Needed from the data below: every line from the one with "#61=CARTESIAN_POINT('',(-103.5,13.,103.5));" up to and including the one with "#69=LINE('',#68,#67);", repeated exactly and with nothing else.

===

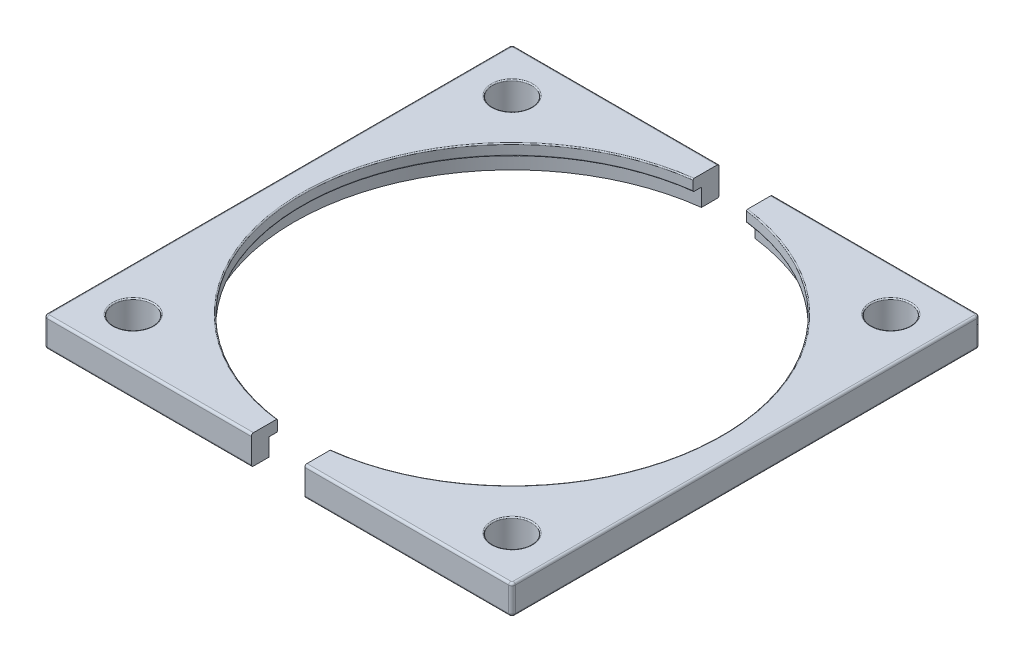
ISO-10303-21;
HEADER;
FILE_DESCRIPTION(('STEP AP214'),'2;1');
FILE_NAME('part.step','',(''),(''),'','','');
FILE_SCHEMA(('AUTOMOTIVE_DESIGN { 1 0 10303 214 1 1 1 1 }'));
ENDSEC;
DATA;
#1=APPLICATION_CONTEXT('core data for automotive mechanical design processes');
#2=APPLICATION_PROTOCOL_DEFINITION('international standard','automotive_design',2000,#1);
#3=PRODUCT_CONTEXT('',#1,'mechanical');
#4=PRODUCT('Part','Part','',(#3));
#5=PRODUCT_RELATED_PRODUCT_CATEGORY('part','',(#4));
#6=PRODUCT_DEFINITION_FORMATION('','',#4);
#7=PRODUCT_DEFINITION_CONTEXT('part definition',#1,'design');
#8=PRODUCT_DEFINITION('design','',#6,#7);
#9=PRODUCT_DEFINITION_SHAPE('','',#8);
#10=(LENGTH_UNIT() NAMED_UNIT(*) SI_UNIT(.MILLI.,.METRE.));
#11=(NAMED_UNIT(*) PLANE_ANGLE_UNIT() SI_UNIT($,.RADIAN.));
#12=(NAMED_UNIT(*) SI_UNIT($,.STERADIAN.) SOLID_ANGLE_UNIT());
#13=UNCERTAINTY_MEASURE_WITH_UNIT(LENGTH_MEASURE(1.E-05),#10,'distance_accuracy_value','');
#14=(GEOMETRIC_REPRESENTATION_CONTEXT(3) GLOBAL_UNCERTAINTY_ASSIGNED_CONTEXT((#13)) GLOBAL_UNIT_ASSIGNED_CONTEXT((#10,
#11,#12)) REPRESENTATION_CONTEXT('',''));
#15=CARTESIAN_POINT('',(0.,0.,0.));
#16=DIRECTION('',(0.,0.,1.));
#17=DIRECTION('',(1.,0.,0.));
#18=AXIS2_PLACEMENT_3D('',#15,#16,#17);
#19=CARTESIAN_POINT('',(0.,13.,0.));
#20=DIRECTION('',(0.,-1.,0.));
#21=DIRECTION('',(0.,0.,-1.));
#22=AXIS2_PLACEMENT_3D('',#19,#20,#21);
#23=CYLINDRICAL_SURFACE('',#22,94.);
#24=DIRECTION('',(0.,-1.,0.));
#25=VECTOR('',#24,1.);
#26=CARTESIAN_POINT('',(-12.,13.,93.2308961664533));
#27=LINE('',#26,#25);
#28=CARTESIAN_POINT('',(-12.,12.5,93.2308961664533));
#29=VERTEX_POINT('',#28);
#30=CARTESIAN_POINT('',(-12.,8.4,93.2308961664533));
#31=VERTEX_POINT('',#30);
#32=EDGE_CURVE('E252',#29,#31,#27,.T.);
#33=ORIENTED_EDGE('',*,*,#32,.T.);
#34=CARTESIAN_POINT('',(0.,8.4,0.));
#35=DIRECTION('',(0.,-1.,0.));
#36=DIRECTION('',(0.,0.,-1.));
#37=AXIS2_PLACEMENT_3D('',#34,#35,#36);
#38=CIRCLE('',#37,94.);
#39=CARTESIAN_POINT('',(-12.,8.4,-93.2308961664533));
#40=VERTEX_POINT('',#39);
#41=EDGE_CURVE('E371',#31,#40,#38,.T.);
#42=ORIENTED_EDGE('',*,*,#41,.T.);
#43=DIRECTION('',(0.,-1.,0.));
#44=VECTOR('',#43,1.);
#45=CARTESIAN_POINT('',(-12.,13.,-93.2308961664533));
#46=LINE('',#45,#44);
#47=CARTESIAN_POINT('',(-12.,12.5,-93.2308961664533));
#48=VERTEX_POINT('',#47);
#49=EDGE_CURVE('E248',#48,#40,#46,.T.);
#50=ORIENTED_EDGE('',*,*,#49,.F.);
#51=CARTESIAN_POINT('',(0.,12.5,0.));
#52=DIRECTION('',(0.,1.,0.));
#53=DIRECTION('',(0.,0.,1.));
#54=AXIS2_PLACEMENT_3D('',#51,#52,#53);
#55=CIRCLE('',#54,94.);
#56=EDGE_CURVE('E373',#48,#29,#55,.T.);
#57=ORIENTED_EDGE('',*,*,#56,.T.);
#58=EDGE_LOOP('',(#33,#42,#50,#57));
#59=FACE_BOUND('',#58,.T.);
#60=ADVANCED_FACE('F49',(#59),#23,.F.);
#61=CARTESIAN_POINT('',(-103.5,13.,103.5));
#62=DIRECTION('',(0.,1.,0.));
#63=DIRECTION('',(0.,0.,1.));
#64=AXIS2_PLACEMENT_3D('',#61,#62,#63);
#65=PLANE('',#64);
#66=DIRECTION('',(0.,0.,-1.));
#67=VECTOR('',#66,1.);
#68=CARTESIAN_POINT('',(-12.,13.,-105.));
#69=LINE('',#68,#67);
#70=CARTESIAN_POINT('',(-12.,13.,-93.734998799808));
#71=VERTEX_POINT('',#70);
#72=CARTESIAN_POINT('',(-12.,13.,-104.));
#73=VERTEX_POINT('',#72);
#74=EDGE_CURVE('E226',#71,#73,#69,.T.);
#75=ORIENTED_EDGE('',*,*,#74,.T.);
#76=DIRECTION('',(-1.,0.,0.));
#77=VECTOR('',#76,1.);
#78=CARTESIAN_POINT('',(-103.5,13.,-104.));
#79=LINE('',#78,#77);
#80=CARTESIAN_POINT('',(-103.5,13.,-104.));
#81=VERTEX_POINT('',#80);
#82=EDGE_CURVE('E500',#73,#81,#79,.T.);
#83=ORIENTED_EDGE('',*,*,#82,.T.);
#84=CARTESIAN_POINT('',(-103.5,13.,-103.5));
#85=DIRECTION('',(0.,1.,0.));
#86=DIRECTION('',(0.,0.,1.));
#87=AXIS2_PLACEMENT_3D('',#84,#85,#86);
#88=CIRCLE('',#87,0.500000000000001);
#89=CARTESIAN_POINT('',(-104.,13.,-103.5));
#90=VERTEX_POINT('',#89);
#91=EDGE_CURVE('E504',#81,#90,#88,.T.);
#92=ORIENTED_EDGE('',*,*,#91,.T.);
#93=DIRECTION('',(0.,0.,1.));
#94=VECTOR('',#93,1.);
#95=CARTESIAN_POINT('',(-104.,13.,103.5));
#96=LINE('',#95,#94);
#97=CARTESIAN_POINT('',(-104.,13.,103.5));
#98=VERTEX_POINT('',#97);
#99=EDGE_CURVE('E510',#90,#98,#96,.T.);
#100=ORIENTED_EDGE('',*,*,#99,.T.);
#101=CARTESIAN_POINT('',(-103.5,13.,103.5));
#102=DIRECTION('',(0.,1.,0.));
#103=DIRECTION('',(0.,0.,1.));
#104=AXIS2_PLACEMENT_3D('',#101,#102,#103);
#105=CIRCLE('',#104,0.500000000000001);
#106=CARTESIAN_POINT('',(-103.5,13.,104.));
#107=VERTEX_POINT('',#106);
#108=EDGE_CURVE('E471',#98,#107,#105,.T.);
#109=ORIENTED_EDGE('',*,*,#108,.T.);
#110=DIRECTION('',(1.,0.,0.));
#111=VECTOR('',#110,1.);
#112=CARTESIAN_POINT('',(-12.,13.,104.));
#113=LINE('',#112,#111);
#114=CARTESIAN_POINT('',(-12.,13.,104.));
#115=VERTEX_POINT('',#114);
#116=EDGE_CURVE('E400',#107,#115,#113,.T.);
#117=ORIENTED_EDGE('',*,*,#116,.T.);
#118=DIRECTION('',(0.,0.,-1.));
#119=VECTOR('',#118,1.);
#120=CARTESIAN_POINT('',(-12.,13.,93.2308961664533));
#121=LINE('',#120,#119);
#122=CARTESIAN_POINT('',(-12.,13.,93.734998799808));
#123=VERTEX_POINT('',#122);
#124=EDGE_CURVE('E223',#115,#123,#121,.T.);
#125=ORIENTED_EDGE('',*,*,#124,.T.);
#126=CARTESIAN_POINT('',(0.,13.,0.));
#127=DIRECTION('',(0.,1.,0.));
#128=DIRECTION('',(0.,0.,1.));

===

(ANSWER FOR THE TASK):
#61=CARTESIAN_POINT('',(-103.5,13.,103.5));
#62=DIRECTION('',(0.,1.,0.));
#63=DIRECTION('',(0.,0.,1.));
#64=AXIS2_PLACEMENT_3D('',#61,#62,#63);
#65=PLANE('',#64);
#66=DIRECTION('',(0.,0.,-1.));
#67=VECTOR('',#66,1.);
#68=CARTESIAN_POINT('',(-12.,13.,-105.));
#69=LINE('',#68,#67);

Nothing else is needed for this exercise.